Data records:
════════════════════

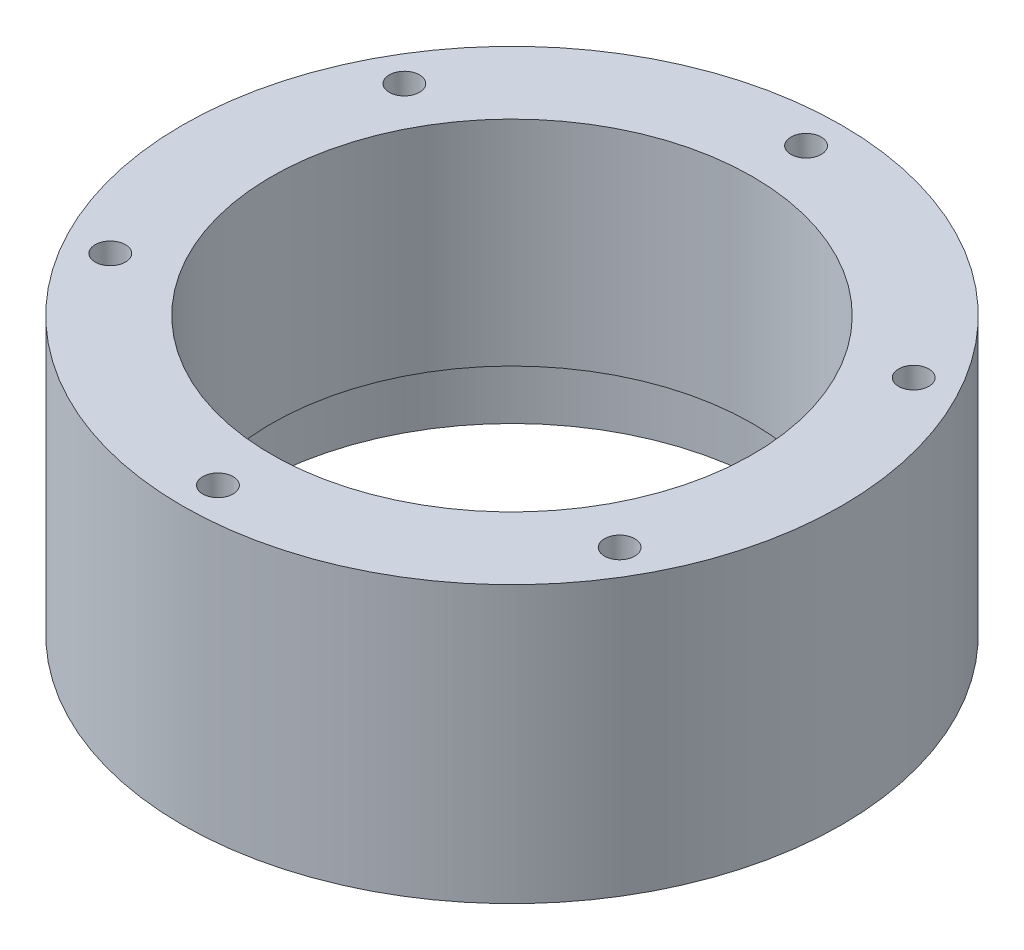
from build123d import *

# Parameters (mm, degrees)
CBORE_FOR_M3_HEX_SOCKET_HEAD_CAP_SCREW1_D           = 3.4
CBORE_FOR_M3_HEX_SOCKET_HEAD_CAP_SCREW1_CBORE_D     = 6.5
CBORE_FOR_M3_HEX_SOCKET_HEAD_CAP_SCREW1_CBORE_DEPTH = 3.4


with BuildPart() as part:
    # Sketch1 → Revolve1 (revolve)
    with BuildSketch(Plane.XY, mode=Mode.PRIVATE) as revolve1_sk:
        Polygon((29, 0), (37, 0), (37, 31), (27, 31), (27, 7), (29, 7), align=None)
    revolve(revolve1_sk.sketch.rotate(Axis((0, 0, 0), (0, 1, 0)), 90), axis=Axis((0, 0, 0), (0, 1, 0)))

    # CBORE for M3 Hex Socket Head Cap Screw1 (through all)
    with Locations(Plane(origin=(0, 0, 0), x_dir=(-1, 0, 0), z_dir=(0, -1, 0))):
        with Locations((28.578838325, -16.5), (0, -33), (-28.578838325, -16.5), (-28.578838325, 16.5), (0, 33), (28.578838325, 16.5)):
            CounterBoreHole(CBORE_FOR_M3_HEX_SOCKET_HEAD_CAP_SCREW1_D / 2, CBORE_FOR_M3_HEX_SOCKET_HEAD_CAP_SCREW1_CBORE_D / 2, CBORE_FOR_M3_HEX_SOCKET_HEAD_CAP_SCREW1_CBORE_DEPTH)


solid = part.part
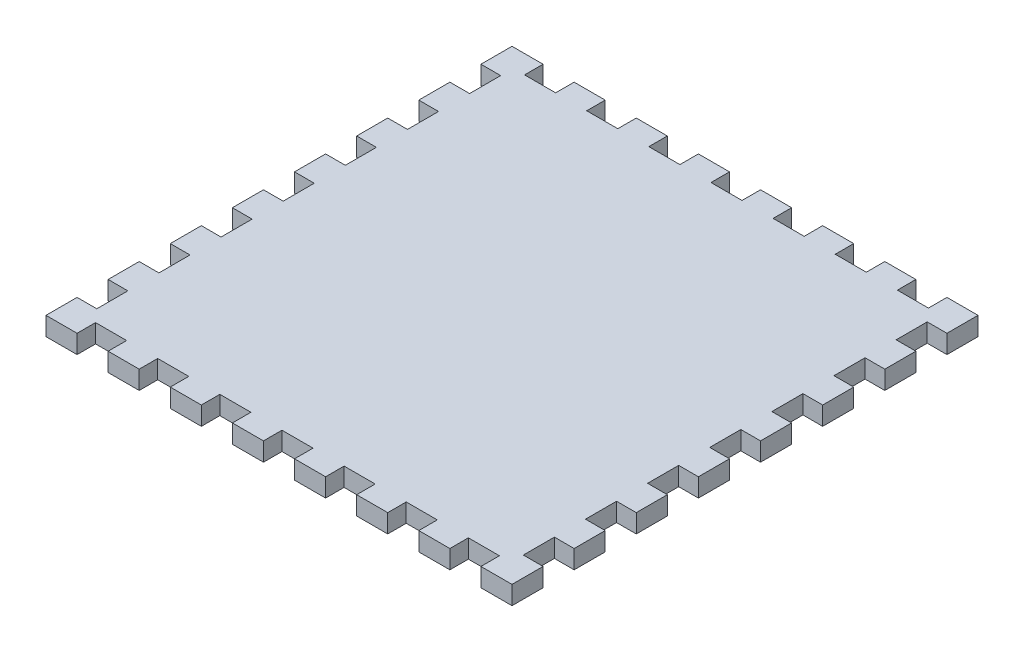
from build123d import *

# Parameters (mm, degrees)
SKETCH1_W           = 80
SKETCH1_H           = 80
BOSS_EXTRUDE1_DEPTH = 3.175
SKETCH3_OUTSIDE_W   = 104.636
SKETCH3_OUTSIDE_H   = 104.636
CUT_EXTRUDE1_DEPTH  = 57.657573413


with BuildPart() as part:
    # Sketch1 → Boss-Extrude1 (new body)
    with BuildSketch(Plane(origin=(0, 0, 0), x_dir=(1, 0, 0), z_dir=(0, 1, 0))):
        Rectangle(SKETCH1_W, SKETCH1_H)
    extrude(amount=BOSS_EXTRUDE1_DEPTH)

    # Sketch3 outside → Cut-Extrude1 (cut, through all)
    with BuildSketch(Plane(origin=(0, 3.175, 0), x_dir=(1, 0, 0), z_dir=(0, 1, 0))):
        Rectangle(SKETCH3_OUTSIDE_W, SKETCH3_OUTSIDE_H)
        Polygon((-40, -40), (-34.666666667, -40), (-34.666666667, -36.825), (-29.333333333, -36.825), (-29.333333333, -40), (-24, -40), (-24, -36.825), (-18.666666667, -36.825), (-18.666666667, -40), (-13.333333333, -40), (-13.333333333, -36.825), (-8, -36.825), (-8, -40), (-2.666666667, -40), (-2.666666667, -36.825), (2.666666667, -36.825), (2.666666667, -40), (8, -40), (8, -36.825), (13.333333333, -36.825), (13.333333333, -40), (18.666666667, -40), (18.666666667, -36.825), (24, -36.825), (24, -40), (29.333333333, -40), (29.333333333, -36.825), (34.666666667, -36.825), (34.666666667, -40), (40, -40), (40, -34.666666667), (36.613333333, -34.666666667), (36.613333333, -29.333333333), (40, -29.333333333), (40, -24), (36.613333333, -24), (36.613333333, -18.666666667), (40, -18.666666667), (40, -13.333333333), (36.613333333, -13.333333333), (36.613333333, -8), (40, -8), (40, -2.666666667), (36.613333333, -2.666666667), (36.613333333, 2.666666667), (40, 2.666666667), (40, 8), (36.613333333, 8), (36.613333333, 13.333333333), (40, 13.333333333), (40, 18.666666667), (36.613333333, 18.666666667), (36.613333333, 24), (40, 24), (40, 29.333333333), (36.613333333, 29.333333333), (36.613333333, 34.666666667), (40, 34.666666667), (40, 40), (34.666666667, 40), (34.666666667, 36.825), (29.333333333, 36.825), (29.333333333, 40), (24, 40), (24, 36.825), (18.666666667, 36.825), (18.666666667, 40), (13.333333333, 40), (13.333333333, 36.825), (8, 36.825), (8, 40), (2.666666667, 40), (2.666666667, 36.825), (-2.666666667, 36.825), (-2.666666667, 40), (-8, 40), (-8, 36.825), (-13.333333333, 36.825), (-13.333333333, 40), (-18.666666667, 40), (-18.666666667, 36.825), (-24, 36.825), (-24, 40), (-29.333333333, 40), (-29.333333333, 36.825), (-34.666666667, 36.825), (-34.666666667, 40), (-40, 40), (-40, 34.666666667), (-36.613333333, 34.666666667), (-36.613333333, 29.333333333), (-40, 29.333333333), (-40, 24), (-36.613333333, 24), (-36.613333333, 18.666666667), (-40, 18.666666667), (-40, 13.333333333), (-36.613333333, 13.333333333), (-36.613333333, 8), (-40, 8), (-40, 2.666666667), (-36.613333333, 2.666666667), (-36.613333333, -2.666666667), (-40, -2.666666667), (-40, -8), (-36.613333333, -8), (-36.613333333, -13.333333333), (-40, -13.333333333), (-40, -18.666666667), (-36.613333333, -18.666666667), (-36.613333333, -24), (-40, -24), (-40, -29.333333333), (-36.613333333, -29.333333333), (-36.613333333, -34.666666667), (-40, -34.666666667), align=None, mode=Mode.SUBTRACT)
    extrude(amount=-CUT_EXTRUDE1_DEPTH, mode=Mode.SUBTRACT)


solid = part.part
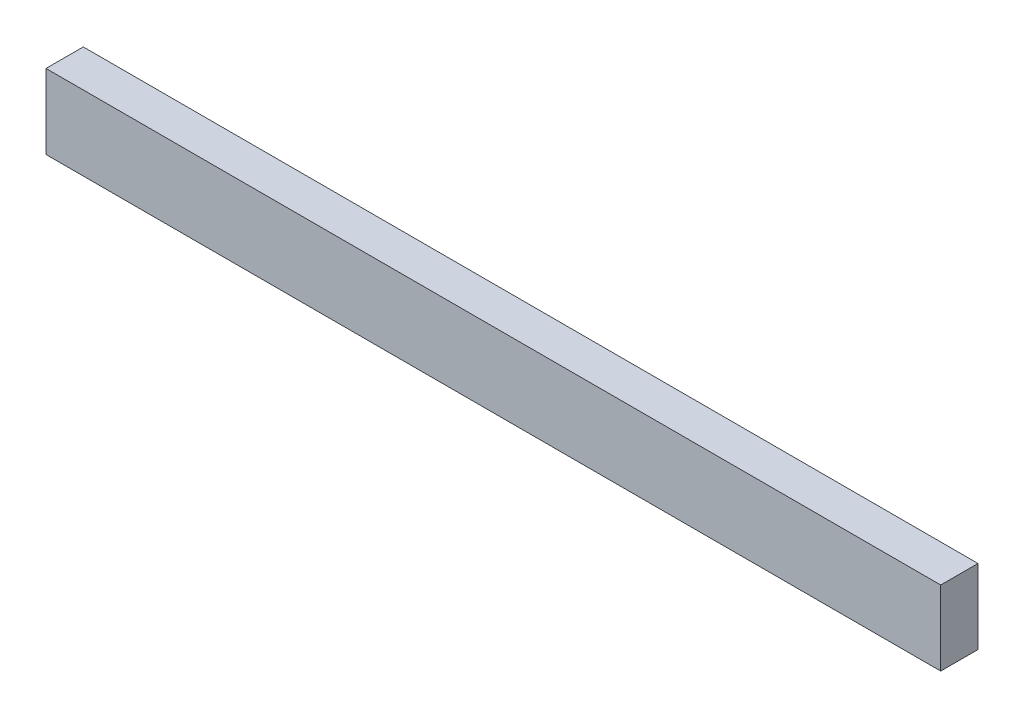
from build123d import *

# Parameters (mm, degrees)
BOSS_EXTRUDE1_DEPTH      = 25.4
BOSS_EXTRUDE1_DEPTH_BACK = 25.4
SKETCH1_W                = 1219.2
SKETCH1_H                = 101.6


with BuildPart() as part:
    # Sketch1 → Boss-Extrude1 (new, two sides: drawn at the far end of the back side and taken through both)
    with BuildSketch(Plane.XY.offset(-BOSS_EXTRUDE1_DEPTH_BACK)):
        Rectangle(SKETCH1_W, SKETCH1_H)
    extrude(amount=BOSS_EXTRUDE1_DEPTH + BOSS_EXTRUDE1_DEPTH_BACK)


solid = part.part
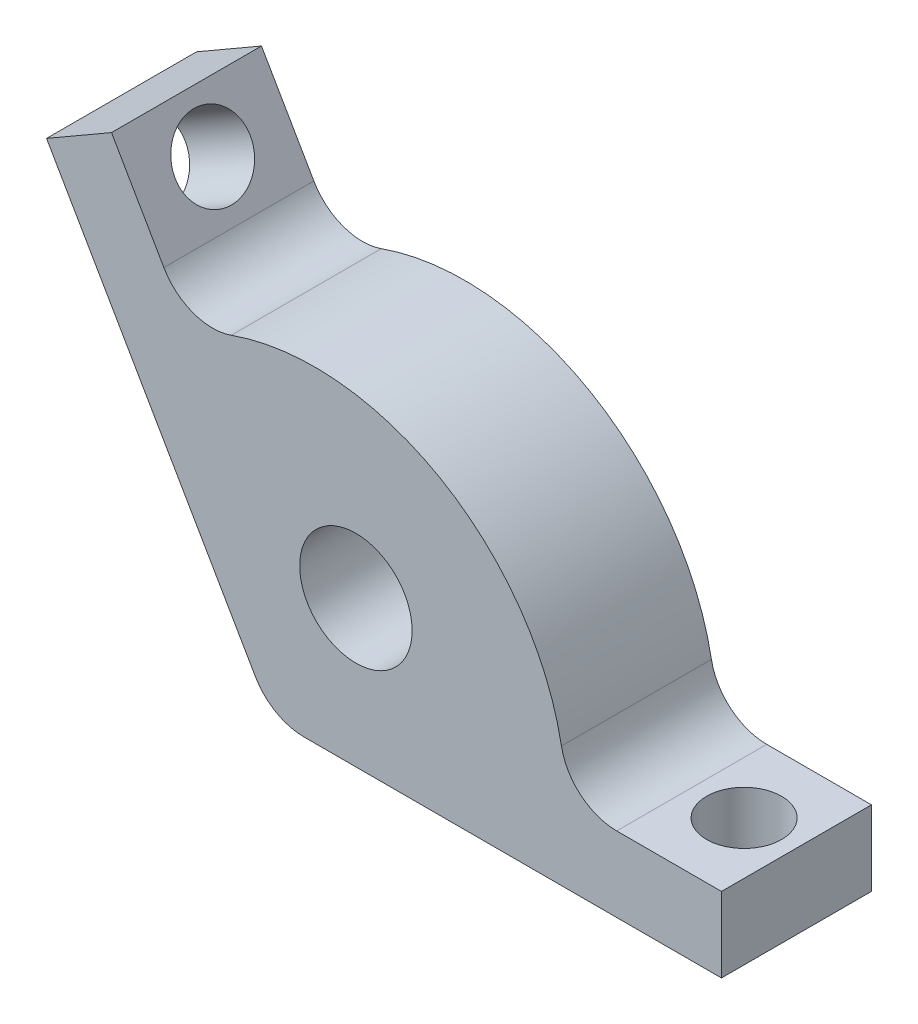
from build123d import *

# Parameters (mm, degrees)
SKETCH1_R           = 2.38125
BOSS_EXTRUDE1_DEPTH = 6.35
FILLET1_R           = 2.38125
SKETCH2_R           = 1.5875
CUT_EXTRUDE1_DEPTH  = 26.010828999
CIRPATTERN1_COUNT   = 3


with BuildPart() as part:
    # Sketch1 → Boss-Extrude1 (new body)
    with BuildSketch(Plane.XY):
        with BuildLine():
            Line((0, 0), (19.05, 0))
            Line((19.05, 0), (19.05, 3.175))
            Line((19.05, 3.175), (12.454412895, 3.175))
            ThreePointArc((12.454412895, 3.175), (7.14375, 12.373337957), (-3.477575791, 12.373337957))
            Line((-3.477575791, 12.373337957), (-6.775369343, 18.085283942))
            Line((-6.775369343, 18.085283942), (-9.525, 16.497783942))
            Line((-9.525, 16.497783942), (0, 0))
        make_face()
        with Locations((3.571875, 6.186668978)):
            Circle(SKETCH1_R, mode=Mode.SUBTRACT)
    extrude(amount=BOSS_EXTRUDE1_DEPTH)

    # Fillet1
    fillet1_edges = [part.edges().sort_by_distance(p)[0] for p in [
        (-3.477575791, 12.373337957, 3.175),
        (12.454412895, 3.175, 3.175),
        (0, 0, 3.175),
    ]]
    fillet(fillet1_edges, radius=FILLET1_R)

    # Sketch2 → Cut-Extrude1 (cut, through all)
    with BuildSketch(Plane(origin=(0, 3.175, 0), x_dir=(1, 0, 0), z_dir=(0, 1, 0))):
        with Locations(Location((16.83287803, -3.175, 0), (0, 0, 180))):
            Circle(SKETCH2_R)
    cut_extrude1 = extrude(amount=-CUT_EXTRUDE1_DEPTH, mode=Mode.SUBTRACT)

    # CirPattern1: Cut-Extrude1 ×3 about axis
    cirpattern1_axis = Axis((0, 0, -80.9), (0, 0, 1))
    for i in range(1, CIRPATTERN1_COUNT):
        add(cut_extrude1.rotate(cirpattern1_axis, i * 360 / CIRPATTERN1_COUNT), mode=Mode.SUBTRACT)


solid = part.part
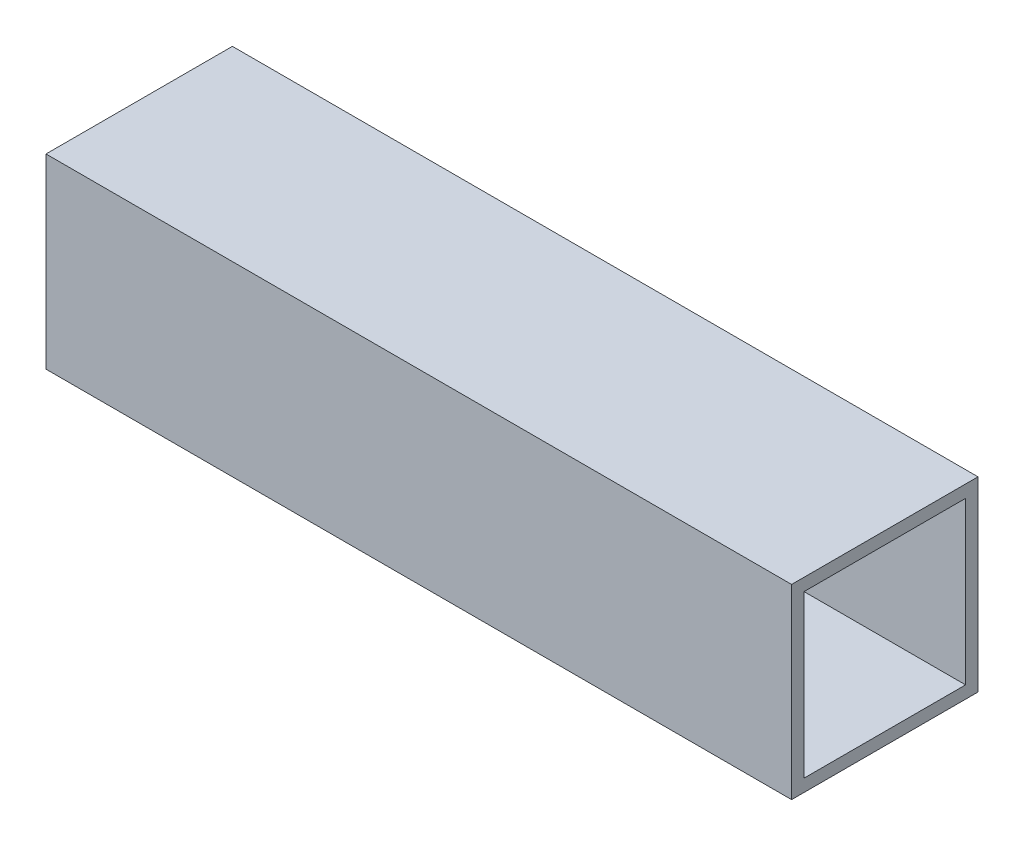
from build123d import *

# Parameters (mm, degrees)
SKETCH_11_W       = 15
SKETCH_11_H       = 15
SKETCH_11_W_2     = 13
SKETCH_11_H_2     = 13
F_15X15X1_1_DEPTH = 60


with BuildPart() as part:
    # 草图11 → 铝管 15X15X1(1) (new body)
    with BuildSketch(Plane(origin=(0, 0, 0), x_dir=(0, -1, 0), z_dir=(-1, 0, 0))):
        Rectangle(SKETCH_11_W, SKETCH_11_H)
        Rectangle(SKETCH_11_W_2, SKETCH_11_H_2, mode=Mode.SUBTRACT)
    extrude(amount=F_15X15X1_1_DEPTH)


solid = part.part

════════════════════

=== Problem description ===
Nothing but a number should be given: the count of lines in the data above with the word "amount".

=== Result for this exercise ===
6